▸ Work to be completed
Check the records below line by line, and report how many lines include the string "lineweight". No other words are needed.
[[ Source data, beginning ]]
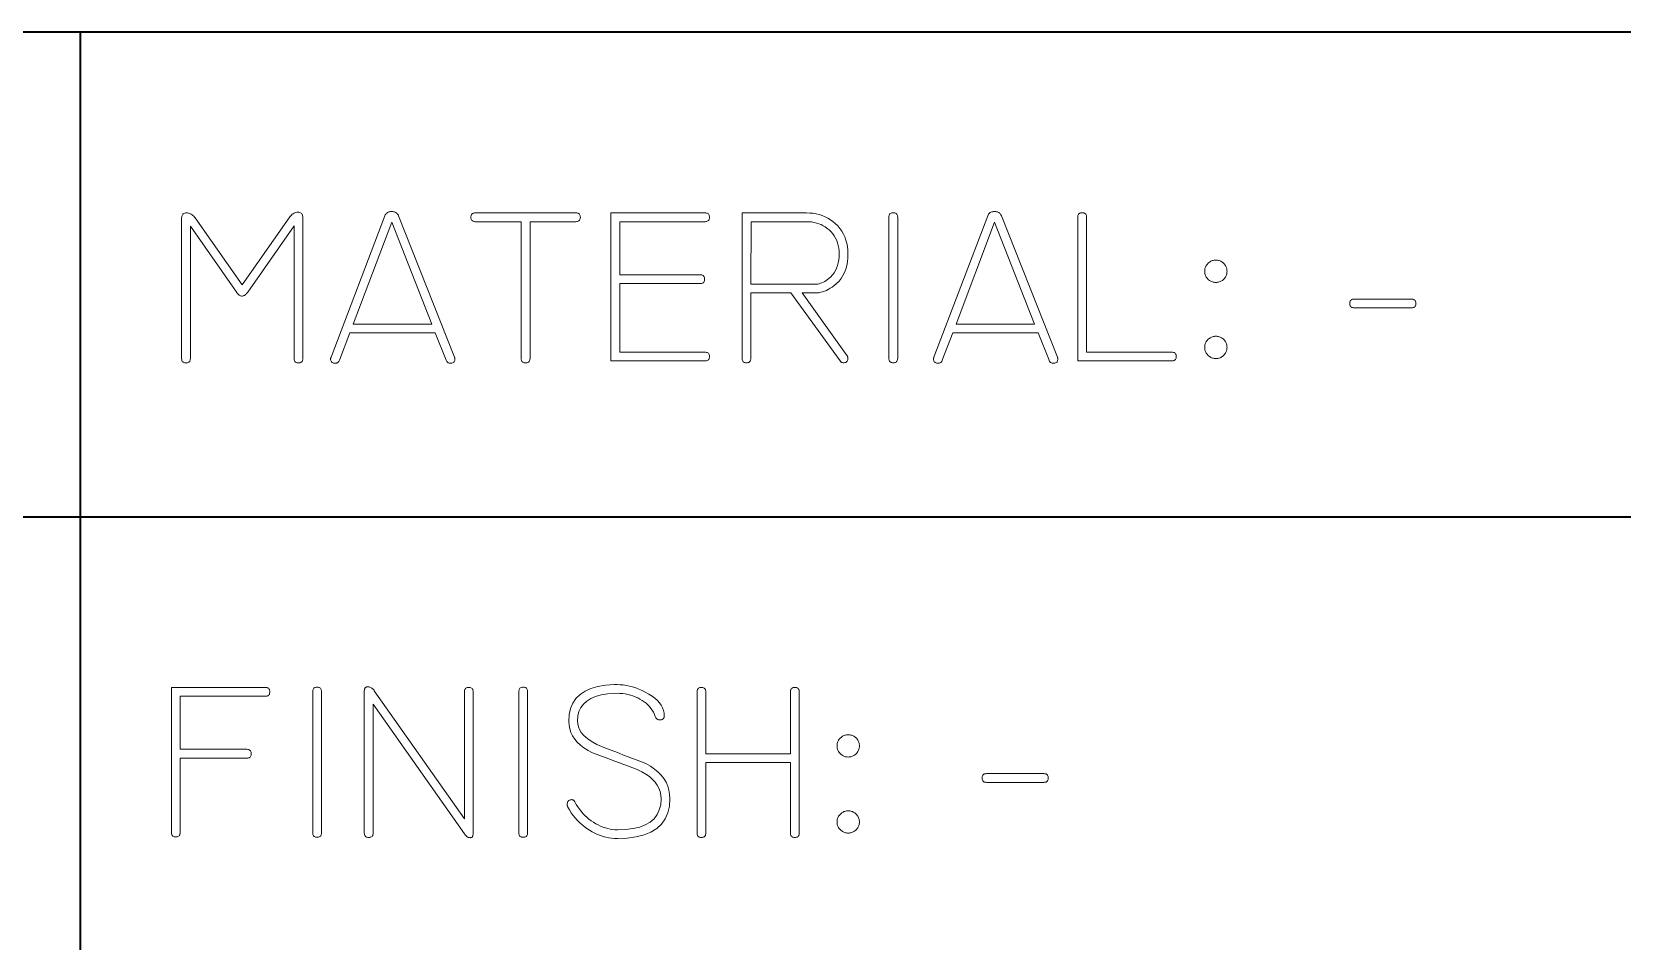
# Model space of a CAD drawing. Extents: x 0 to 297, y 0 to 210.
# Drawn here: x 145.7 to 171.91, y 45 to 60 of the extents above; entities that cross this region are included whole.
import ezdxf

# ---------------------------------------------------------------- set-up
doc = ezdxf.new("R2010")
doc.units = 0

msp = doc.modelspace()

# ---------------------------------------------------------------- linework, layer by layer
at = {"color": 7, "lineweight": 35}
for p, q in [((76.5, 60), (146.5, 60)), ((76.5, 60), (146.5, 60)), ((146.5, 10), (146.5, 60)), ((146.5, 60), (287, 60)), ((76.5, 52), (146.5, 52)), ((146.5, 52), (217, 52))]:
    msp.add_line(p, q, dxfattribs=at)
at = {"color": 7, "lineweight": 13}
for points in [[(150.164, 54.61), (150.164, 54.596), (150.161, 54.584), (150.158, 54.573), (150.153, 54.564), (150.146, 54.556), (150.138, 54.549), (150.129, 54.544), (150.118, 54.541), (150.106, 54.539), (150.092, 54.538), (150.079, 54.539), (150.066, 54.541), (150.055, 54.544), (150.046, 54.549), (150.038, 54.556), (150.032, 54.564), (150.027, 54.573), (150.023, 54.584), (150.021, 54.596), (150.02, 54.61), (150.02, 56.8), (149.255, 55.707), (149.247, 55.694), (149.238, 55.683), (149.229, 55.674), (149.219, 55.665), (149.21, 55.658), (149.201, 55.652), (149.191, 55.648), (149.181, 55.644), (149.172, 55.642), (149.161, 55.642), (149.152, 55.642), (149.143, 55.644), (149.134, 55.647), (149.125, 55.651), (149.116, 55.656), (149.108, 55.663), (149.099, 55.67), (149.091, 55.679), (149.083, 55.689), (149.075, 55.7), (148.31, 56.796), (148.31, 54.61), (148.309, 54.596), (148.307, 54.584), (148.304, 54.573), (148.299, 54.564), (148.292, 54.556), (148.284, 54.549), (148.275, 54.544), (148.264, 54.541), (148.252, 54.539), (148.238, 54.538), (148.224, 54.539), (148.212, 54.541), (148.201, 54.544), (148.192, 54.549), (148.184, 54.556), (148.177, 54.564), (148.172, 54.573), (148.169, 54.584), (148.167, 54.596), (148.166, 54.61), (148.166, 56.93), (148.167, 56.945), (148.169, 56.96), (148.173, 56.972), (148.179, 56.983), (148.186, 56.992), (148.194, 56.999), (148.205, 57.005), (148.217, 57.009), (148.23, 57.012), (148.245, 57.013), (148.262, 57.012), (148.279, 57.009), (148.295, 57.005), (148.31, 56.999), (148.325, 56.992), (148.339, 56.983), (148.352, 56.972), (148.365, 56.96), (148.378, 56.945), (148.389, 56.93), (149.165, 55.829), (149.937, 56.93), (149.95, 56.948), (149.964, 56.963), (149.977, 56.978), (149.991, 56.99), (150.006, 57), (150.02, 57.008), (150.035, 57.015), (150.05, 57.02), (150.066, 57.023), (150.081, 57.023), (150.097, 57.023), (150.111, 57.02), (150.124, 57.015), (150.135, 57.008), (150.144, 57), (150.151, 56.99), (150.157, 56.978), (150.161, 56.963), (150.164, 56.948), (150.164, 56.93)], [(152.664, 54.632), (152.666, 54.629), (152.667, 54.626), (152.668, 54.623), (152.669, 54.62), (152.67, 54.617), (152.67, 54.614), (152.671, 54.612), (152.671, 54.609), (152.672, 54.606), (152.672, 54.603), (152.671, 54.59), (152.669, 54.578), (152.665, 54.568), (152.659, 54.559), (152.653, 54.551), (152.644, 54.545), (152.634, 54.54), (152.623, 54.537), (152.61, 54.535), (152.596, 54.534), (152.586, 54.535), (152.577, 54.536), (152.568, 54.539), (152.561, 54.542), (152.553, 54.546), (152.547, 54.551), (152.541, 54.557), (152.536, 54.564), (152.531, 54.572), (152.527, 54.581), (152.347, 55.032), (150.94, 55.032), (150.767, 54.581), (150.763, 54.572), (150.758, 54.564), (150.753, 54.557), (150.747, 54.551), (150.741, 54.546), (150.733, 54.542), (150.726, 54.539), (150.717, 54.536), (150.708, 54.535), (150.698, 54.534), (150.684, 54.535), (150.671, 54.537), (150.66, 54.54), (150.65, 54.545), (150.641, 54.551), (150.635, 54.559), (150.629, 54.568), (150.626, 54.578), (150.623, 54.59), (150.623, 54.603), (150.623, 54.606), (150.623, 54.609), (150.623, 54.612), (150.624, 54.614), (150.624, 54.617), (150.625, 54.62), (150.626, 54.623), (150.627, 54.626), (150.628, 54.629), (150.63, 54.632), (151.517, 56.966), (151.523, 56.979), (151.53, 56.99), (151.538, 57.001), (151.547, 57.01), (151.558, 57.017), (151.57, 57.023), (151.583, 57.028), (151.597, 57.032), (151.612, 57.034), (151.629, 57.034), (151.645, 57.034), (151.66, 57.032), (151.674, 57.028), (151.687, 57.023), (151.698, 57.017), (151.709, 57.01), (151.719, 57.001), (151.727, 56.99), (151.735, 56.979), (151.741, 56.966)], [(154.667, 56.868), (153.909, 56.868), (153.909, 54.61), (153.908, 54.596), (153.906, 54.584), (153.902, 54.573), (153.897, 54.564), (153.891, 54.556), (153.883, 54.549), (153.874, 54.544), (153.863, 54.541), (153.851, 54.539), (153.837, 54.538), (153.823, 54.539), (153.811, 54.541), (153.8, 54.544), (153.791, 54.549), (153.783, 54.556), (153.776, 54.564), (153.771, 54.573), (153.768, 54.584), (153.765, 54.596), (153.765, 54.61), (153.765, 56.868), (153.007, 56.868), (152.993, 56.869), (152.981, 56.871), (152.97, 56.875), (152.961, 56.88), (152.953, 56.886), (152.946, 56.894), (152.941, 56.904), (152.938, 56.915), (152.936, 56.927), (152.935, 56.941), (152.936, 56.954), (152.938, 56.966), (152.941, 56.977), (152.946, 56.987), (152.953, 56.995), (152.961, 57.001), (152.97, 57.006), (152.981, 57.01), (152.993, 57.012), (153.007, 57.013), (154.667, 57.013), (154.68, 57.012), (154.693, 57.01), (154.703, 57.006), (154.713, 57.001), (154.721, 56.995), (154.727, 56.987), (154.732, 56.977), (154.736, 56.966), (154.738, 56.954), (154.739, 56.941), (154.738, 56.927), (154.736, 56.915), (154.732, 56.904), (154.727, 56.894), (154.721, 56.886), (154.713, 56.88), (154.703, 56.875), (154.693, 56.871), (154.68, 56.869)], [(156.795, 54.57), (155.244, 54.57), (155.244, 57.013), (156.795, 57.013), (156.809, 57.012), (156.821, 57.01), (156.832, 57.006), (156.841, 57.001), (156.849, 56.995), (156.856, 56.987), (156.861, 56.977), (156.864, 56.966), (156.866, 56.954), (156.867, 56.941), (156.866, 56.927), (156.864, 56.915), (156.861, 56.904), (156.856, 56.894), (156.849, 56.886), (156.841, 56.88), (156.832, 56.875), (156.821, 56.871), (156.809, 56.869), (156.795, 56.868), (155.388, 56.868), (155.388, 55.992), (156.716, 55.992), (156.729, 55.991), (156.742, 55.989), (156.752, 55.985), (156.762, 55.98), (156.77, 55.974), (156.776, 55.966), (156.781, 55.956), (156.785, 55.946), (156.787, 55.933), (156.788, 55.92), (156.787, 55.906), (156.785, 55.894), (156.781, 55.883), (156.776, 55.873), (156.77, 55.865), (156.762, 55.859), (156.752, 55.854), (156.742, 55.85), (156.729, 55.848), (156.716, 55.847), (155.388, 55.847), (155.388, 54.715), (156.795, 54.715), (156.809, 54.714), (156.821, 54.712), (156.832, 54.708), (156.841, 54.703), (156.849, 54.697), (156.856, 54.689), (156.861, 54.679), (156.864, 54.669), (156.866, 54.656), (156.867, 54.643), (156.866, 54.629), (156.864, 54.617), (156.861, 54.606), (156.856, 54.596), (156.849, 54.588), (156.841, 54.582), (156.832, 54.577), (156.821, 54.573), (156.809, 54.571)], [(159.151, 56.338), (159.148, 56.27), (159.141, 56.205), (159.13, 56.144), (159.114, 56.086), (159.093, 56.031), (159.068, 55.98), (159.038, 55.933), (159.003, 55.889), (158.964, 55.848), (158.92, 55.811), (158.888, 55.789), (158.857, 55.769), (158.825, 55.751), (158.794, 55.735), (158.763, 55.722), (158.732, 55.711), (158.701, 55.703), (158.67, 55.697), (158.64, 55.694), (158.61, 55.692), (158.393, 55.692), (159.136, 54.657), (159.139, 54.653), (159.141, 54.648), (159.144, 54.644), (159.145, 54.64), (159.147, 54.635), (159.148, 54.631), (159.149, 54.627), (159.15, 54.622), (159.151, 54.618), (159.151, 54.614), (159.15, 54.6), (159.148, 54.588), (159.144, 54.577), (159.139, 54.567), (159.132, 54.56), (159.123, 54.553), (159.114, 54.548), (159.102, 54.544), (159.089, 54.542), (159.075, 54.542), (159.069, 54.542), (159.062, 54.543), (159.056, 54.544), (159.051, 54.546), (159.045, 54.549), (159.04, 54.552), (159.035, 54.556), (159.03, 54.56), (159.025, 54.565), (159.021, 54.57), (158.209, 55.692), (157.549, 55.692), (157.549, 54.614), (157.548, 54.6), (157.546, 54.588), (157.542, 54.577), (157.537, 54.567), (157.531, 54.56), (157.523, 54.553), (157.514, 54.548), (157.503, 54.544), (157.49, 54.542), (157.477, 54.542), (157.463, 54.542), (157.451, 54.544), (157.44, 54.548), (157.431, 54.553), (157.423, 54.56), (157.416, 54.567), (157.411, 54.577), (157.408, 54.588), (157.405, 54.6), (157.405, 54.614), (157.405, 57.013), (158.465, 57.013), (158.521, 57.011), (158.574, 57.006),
[[ Source data, end ]]
▸ Result of this exercise
2